Histologically unstable asymptomatic carotid plaques have altered expression of genes involved in chemokine signalling leading to localised plaque inflammation and rupture.

机构信息

Vascular Surgery Group, Department of Cardiovascular Sciences, University of Leicester, LE2 7LX, UK.

出版信息

Eur J Vasc Endovasc Surg. 2013 Feb;45(2):121-7. doi: 10.1016/j.ejvs.2012.11.006. Epub 2012 Dec 21.
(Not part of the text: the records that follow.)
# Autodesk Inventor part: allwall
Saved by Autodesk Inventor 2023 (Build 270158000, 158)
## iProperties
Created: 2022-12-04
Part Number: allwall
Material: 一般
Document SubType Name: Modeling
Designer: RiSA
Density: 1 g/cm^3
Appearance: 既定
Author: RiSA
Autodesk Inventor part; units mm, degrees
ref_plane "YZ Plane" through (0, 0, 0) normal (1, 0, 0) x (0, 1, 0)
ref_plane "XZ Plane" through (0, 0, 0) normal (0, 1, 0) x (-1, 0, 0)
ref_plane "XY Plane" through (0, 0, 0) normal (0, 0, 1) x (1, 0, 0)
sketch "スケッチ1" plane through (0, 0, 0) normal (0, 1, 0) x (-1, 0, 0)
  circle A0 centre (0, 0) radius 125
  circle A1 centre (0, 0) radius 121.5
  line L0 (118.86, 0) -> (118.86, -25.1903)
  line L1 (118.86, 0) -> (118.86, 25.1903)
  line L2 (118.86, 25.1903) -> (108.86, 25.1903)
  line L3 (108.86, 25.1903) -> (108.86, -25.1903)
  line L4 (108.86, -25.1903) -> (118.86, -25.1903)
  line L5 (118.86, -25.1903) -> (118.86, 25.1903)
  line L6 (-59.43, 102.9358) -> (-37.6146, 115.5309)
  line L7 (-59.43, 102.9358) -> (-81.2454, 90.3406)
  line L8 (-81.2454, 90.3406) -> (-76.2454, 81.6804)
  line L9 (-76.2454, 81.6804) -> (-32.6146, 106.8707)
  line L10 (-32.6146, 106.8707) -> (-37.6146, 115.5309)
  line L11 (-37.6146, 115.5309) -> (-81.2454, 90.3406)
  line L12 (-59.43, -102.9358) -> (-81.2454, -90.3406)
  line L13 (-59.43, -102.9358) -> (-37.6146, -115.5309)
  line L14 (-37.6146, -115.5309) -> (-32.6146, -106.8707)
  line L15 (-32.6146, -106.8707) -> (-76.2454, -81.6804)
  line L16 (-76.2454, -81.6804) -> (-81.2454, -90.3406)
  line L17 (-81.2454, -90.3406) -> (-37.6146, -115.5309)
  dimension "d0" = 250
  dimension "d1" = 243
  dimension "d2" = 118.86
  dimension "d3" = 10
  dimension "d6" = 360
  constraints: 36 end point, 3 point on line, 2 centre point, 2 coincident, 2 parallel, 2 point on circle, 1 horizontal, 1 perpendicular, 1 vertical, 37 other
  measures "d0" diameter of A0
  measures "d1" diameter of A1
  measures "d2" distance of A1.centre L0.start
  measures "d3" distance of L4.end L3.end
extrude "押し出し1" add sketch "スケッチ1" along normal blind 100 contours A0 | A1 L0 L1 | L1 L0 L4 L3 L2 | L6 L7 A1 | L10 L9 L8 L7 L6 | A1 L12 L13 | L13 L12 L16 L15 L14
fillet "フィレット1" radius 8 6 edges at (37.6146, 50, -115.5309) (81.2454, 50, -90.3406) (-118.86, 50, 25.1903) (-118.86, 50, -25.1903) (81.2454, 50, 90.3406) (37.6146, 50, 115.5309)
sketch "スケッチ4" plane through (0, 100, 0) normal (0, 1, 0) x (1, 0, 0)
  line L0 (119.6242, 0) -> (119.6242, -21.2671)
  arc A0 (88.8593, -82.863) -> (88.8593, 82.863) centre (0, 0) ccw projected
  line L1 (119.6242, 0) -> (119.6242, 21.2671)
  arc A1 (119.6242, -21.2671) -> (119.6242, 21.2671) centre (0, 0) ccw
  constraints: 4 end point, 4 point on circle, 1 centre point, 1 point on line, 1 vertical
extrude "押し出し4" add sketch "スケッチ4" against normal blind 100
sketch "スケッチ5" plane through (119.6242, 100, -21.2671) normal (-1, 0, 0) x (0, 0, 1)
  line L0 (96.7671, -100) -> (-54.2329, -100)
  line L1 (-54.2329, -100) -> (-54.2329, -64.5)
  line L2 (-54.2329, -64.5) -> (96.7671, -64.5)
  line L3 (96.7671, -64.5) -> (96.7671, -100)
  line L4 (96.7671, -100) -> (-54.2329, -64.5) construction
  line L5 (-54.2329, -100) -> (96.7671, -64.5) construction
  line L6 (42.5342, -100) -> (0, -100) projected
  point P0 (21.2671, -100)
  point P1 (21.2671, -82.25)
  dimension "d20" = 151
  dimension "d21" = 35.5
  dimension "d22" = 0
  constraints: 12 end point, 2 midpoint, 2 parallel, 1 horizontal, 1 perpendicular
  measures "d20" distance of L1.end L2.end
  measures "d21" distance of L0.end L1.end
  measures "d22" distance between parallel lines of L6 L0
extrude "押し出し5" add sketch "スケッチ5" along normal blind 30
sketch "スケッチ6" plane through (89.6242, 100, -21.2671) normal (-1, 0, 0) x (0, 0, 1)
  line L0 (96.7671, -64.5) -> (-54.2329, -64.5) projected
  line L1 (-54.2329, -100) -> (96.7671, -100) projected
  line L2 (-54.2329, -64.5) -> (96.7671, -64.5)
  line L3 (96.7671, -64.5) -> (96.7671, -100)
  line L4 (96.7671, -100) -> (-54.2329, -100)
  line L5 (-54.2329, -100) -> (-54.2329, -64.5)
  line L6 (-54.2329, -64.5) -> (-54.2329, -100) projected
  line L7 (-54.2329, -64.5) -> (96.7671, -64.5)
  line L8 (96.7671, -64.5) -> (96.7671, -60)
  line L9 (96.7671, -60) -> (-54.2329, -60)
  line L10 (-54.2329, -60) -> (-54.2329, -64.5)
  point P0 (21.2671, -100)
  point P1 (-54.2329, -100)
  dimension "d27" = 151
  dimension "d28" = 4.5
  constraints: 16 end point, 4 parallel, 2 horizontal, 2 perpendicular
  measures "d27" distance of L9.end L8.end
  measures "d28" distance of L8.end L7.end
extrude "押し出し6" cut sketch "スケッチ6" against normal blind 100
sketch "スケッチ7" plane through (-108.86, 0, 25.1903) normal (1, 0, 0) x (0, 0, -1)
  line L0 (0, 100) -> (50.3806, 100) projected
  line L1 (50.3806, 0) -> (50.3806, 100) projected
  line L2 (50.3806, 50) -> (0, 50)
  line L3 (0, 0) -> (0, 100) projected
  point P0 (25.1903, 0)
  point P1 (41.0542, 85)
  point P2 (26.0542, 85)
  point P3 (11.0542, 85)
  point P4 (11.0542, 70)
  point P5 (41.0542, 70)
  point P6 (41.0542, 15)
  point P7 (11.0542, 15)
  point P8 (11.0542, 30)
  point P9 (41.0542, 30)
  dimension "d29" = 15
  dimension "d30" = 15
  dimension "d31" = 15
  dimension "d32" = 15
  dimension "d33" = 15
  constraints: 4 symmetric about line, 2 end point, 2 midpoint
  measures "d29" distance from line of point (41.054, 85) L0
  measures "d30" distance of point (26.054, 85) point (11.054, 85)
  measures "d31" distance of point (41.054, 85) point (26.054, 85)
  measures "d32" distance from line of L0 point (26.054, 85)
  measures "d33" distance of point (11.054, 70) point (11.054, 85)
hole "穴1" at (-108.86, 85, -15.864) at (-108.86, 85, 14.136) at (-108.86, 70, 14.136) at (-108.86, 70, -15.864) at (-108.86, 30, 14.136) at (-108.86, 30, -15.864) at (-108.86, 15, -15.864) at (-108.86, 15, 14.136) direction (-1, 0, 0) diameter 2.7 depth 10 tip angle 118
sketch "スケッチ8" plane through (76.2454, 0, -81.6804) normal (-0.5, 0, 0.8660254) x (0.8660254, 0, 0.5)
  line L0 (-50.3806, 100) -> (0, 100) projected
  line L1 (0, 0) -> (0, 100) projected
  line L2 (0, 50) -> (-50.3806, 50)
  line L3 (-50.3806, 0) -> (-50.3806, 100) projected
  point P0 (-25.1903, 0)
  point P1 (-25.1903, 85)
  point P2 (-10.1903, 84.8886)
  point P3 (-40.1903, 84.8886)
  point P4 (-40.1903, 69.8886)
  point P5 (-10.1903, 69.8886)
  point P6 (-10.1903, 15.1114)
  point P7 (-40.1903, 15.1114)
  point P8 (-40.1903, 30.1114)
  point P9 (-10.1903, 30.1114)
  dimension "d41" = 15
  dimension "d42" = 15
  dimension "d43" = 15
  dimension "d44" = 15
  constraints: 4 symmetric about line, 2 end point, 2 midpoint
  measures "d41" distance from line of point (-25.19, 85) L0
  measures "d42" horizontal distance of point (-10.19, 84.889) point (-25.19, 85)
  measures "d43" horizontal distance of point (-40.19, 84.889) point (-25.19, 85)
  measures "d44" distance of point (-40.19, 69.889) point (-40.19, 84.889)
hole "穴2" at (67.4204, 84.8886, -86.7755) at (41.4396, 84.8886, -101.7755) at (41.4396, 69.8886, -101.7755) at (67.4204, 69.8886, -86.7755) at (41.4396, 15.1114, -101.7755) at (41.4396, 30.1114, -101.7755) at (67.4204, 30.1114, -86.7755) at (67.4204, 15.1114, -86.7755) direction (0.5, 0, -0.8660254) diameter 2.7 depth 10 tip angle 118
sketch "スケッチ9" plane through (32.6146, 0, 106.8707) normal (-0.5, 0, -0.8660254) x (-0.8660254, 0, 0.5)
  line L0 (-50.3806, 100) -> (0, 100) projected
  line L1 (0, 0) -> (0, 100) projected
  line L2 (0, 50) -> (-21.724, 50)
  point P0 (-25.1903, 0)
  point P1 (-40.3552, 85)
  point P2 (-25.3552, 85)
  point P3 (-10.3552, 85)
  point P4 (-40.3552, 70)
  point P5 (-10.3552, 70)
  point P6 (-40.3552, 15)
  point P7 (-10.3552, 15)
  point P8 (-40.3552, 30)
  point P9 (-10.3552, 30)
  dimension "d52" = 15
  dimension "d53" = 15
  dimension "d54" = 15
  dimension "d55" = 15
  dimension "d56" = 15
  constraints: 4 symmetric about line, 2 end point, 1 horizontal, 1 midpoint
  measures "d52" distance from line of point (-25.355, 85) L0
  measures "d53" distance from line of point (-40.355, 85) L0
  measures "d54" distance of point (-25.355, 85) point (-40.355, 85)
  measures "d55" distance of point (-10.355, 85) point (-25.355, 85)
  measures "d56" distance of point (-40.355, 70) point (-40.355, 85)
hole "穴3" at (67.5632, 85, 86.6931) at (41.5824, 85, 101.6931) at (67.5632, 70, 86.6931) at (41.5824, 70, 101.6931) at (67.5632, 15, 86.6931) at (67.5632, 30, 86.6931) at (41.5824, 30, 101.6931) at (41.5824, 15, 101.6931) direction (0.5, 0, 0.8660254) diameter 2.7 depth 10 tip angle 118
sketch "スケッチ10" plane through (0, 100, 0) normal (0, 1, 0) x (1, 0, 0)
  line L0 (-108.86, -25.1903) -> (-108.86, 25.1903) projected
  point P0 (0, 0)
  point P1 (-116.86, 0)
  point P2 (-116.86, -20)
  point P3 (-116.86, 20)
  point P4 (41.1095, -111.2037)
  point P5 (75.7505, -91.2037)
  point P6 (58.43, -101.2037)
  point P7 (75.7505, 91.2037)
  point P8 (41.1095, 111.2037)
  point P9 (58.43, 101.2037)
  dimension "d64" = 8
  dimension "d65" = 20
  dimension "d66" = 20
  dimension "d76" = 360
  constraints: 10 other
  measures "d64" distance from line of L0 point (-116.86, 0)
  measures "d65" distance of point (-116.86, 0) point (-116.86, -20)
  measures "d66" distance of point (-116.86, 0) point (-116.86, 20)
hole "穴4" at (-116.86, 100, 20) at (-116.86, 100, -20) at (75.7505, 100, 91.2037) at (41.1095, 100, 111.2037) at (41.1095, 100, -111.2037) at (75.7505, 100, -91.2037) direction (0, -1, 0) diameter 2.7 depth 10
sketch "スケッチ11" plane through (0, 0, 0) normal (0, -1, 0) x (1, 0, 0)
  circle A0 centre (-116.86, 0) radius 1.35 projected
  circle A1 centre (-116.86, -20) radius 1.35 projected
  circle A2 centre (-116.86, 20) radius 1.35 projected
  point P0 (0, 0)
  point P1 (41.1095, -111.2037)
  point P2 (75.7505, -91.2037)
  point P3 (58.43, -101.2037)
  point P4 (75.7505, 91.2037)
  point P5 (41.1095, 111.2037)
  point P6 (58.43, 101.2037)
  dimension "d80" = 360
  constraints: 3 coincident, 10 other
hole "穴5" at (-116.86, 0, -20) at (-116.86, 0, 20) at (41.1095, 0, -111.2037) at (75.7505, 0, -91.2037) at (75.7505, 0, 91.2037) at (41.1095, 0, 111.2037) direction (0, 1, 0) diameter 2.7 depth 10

DOI:10.1016/j.ejvs.2012.11.006
PMID:23265682
Abstract

BACKGROUND

Many studies have evaluated histological and gene expression profiles in TIA/stroke patients after onset of symptoms, but there is limited understanding as to how these plaque related features interact before symptom onset. In particular, no studies have evaluated differential gene expression in histologically unstable (vs stable plaques) in neurologically asymptomatic patients.

METHODS

Nine asymptomatic patients had their plaques scored blindly by two independent Histopathologists using the AHA plaque scoring system. RNA extracted from the plaques was hybridised onto a whole genome microarray. Analysis was performed using GenomeStudio (v1.0) and the DAVID bioinformatics resource (v6.7).

RESULTS

Three plaques were histologically unstable (Grade 2/3), while six were stable (Grade 0/1). 346 differentially expressed genes (>1.3 fold, P < 0.05) were identified (293 down-regulated and 53 up-regulated) between stable and unstable plaques. Genes related to chemokine and protein signalling (pro-inflammatory/pro-apoptotic) were identified to have high enrichment scores (>1.3) and were significantly up-regulated in unstable (asymptomatic) plaques.

CONCLUSION

The findings confirm the intuitively held belief that changes in chemokine and protein signalling may be associated with acute plaque disruption and precede the onset of symptoms. Once validated, these genes could therefore become targets for innovative medical treatments in the future or could help identify asymptomatic patients with histologically unstable plaques that would benefit from surgical intervention.

摘要

背景

许多研究评估了 TIA/中风患者症状发作后的组织学和基因表达谱,但对于这些斑块相关特征在症状发作前如何相互作用,了解有限。特别是,没有研究评估过神经无症状患者中组织学不稳定(与稳定斑块相比)的差异基因表达。

方法

9 名无症状患者的斑块由两位独立的组织病理学家使用 AHA 斑块评分系统进行盲法评分。从斑块中提取的 RNA 杂交到全基因组微阵列上。使用 GenomeStudio(v1.0)和 DAVID 生物信息学资源(v6.7)进行分析。

结果

3 个斑块组织学不稳定(等级 2/3),6 个稳定(等级 0/1)。在稳定和不稳定斑块之间,确定了 346 个差异表达基因(>1.3 倍,P<0.05)(293 个下调和 53 个上调)。与趋化因子和蛋白信号(促炎/促凋亡)相关的基因被鉴定出具有高富集评分(>1.3),并且在不稳定(无症状)斑块中显著上调。

结论

这些发现证实了一个直观的信念,即趋化因子和蛋白信号的变化可能与急性斑块破裂有关,并先于症状发作。一旦得到验证,这些基因可能成为未来创新医学治疗的靶点,或者可以帮助识别具有组织学不稳定斑块的无症状患者,这些患者可能受益于手术干预。